The main objective of the military force of any country is to protect its citizens, resources and
leadership. As long as the well-being and survival of the nation is at stake, this may be performed at
any cost. Fundamentally, there is a strategy behind the decisions made by the military to station their
troops at certain positions to protect the nation. This strategy is of great interest and will be explored
in this study. Once this strategy is understood, military stationing decisions can be made under the
guidance of a data model, showing mathematically the best place to station troops.

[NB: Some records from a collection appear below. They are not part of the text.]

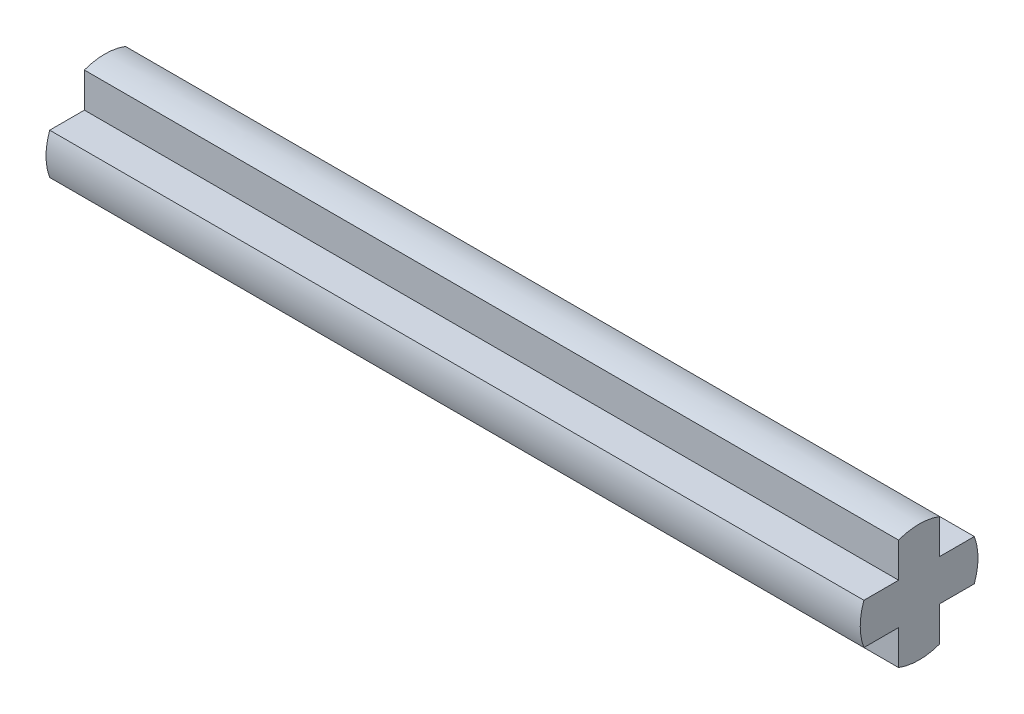
ISO-10303-21;
HEADER;
FILE_DESCRIPTION(('STEP AP214'),'2;1');
FILE_NAME('part.step','',(''),(''),'','','');
FILE_SCHEMA(('AUTOMOTIVE_DESIGN { 1 0 10303 214 1 1 1 1 }'));
ENDSEC;
DATA;
#1=APPLICATION_CONTEXT('core data for automotive mechanical design processes');
#2=APPLICATION_PROTOCOL_DEFINITION('international standard','automotive_design',2000,#1);
#3=PRODUCT_CONTEXT('',#1,'mechanical');
#4=PRODUCT('Part','Part','',(#3));
#5=PRODUCT_RELATED_PRODUCT_CATEGORY('part','',(#4));
#6=PRODUCT_DEFINITION_FORMATION('','',#4);
#7=PRODUCT_DEFINITION_CONTEXT('part definition',#1,'design');
#8=PRODUCT_DEFINITION('design','',#6,#7);
#9=PRODUCT_DEFINITION_SHAPE('','',#8);
#10=(LENGTH_UNIT() NAMED_UNIT(*) SI_UNIT(.MILLI.,.METRE.));
#11=(NAMED_UNIT(*) PLANE_ANGLE_UNIT() SI_UNIT($,.RADIAN.));
#12=(NAMED_UNIT(*) SI_UNIT($,.STERADIAN.) SOLID_ANGLE_UNIT());
#13=UNCERTAINTY_MEASURE_WITH_UNIT(LENGTH_MEASURE(1.E-05),#10,'distance_accuracy_value','');
#14=(GEOMETRIC_REPRESENTATION_CONTEXT(3) GLOBAL_UNCERTAINTY_ASSIGNED_CONTEXT((#13)) GLOBAL_UNIT_ASSIGNED_CONTEXT((#10,
#11,#12)) REPRESENTATION_CONTEXT('',''));
#15=CARTESIAN_POINT('',(0.,0.,0.));
#16=DIRECTION('',(0.,0.,1.));
#17=DIRECTION('',(1.,0.,0.));
#18=AXIS2_PLACEMENT_3D('',#15,#16,#17);
#19=CARTESIAN_POINT('',(31.8,0.8,2.15638586528478));
#20=CARTESIAN_POINT('',(31.8,0.,2.44361413471522));
#21=CARTESIAN_POINT('',(31.8,-0.8,2.15638586528478));
#22=B_SPLINE_CURVE_WITH_KNOTS('',2,(#19,#20,#21),.UNSPECIFIED.,.F.,.F.,(3,3),(0.,1.),.UNSPECIFIED.);
#23=DIRECTION('',(-1.,0.,0.));
#24=VECTOR('',#23,1.);
#25=SURFACE_OF_LINEAR_EXTRUSION('',#22,#24);
#26=CARTESIAN_POINT('',(0.,0.8,2.15638586528478));
#27=CARTESIAN_POINT('',(0.,0.,2.44361413471522));
#28=CARTESIAN_POINT('',(0.,-0.8,2.15638586528478));
#29=B_SPLINE_CURVE_WITH_KNOTS('',2,(#26,#27,#28),.UNSPECIFIED.,.F.,.F.,(3,3),(0.,1.),.UNSPECIFIED.);
#30=CARTESIAN_POINT('',(0.,0.8,2.15638586528478));
#31=VERTEX_POINT('',#30);
#32=CARTESIAN_POINT('',(0.,-0.8,2.15638586528478));
#33=VERTEX_POINT('',#32);
#34=EDGE_CURVE('E157',#31,#33,#29,.T.);
#35=ORIENTED_EDGE('',*,*,#34,.T.);
#36=DIRECTION('',(-1.,0.,0.));
#37=VECTOR('',#36,1.);
#38=CARTESIAN_POINT('',(31.8,-0.8,2.15638586528478));
#39=LINE('',#38,#37);
#40=CARTESIAN_POINT('',(31.8,-0.8,2.15638586528478));
#41=VERTEX_POINT('',#40);
#42=EDGE_CURVE('E11',#41,#33,#39,.T.);
#43=ORIENTED_EDGE('',*,*,#42,.F.);
#44=CARTESIAN_POINT('',(31.8,0.8,2.15638586528478));
#45=VERTEX_POINT('',#44);
#46=EDGE_CURVE('E199',#45,#41,#22,.T.);
#47=ORIENTED_EDGE('',*,*,#46,.F.);
#48=DIRECTION('',(-1.,0.,0.));
#49=VECTOR('',#48,1.);
#50=CARTESIAN_POINT('',(31.8,0.8,2.15638586528478));
#51=LINE('',#50,#49);
#52=EDGE_CURVE('E150',#45,#31,#51,.T.);
#53=ORIENTED_EDGE('',*,*,#52,.T.);
#54=EDGE_LOOP('',(#35,#43,#47,#53));
#55=FACE_BOUND('',#54,.T.);
#56=ADVANCED_FACE('F33',(#55),#25,.F.);
#57=CARTESIAN_POINT('',(31.8,-0.8,0.8));
#58=DIRECTION('',(0.,1.,0.));
#59=DIRECTION('',(0.,0.,1.));
#60=AXIS2_PLACEMENT_3D('',#57,#58,#59);
#61=PLANE('',#60);
#62=DIRECTION('',(0.,0.,-1.));
#63=VECTOR('',#62,1.);
#64=CARTESIAN_POINT('',(0.,-0.8,0.8));
#65=LINE('',#64,#63);
#66=CARTESIAN_POINT('',(0.,-0.8,0.8));
#67=VERTEX_POINT('',#66);
#68=EDGE_CURVE('E162',#33,#67,#65,.T.);
#69=ORIENTED_EDGE('',*,*,#68,.T.);
#70=DIRECTION('',(-1.,0.,0.));
#71=VECTOR('',#70,1.);
#72=CARTESIAN_POINT('',(31.8,-0.8,0.8));
#73=LINE('',#72,#71);
#74=CARTESIAN_POINT('',(31.8,-0.8,0.8));
#75=VERTEX_POINT('',#74);
#76=EDGE_CURVE('E42',#75,#67,#73,.T.);
#77=ORIENTED_EDGE('',*,*,#76,.F.);
#78=DIRECTION('',(0.,0.,-1.));
#79=VECTOR('',#78,1.);
#80=CARTESIAN_POINT('',(31.8,-0.8,0.8));
#81=LINE('',#80,#79);
#82=EDGE_CURVE('E105',#41,#75,#81,.T.);
#83=ORIENTED_EDGE('',*,*,#82,.F.);
#84=ORIENTED_EDGE('',*,*,#42,.T.);
#85=EDGE_LOOP('',(#69,#77,#83,#84));
#86=FACE_BOUND('',#85,.T.);
#87=ADVANCED_FACE('F279',(#86),#61,.F.);
#88=CARTESIAN_POINT('',(31.8,-2.15638586528478,0.8));
#89=DIRECTION('',(0.,0.,-1.));
#90=DIRECTION('',(-1.,0.,0.));
#91=AXIS2_PLACEMENT_3D('',#88,#89,#90);
#92=PLANE('',#91);
#93=DIRECTION('',(0.,-1.,0.));
#94=VECTOR('',#93,1.);
#95=CARTESIAN_POINT('',(0.,-2.15638586528478,0.8));
#96=LINE('',#95,#94);
#97=CARTESIAN_POINT('',(0.,-2.15638586528478,0.8));
#98=VERTEX_POINT('',#97);
#99=EDGE_CURVE('E167',#67,#98,#96,.T.);
#100=ORIENTED_EDGE('',*,*,#99,.T.);
#101=DIRECTION('',(-1.,0.,0.));
#102=VECTOR('',#101,1.);
#103=CARTESIAN_POINT('',(31.8,-2.15638586528478,0.8));
#104=LINE('',#103,#102);
#105=CARTESIAN_POINT('',(31.8,-2.15638586528478,0.8));
#106=VERTEX_POINT('',#105);
#107=EDGE_CURVE('E218',#106,#98,#104,.T.);
#108=ORIENTED_EDGE('',*,*,#107,.F.);
#109=DIRECTION('',(0.,-1.,0.));
#110=VECTOR('',#109,1.);
#111=CARTESIAN_POINT('',(31.8,-2.15638586528478,0.8));
#112=LINE('',#111,#110);
#113=EDGE_CURVE('E226',#75,#106,#112,.T.);
#114=ORIENTED_EDGE('',*,*,#113,.F.);
#115=ORIENTED_EDGE('',*,*,#76,.T.);
#116=EDGE_LOOP('',(#100,#108,#114,#115));
#117=FACE_BOUND('',#116,.T.);
#118=ADVANCED_FACE('F224',(#117),#92,.F.);
#119=CARTESIAN_POINT('',(31.8,-2.15638586528478,0.8));
#120=CARTESIAN_POINT('',(31.8,-2.44361413471522,0.));
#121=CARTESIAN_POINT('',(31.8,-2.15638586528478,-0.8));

The mathematical model inherently draws input from the risk data and economic value data of
each location in South Africa. The risk of a location sheds light on the likeliness of an enemy
invasion at that position based on proximity, access, and capability, while the economic value
portrays the reward an enemy might receive for invasion based on Gross Domestic Product
delivered and population density in the area.
As the inputs are combined, a deployment need begins to unfurl across the country depicted by
dark red spots on color graded maps. Taking into account the position of available military bases,
their capacities and strike ranges, troops can be allocated to cover the rising risk patterns. The
coverage of this deployment priority is the objective of the linear programming model in MS Excel.
The model finds the best possible configuration of troops to bases to best cover the priority maps.
The results from this study are the recommended deployment strategies to be followed when
analyzing risk and economic value as defined by the scope. It may not directly save money as the
amount of troops remain unchanged between scenarios, but will certainly prepare military strategists
for informed risk related decisions when the time comes. This study may be broadened in the future
for more comprehensive deployment results that includes risk by sea and air strikes.
Thesis (B Eng. (Industrial and Systems Engineering))--University of Pretoria, 2012.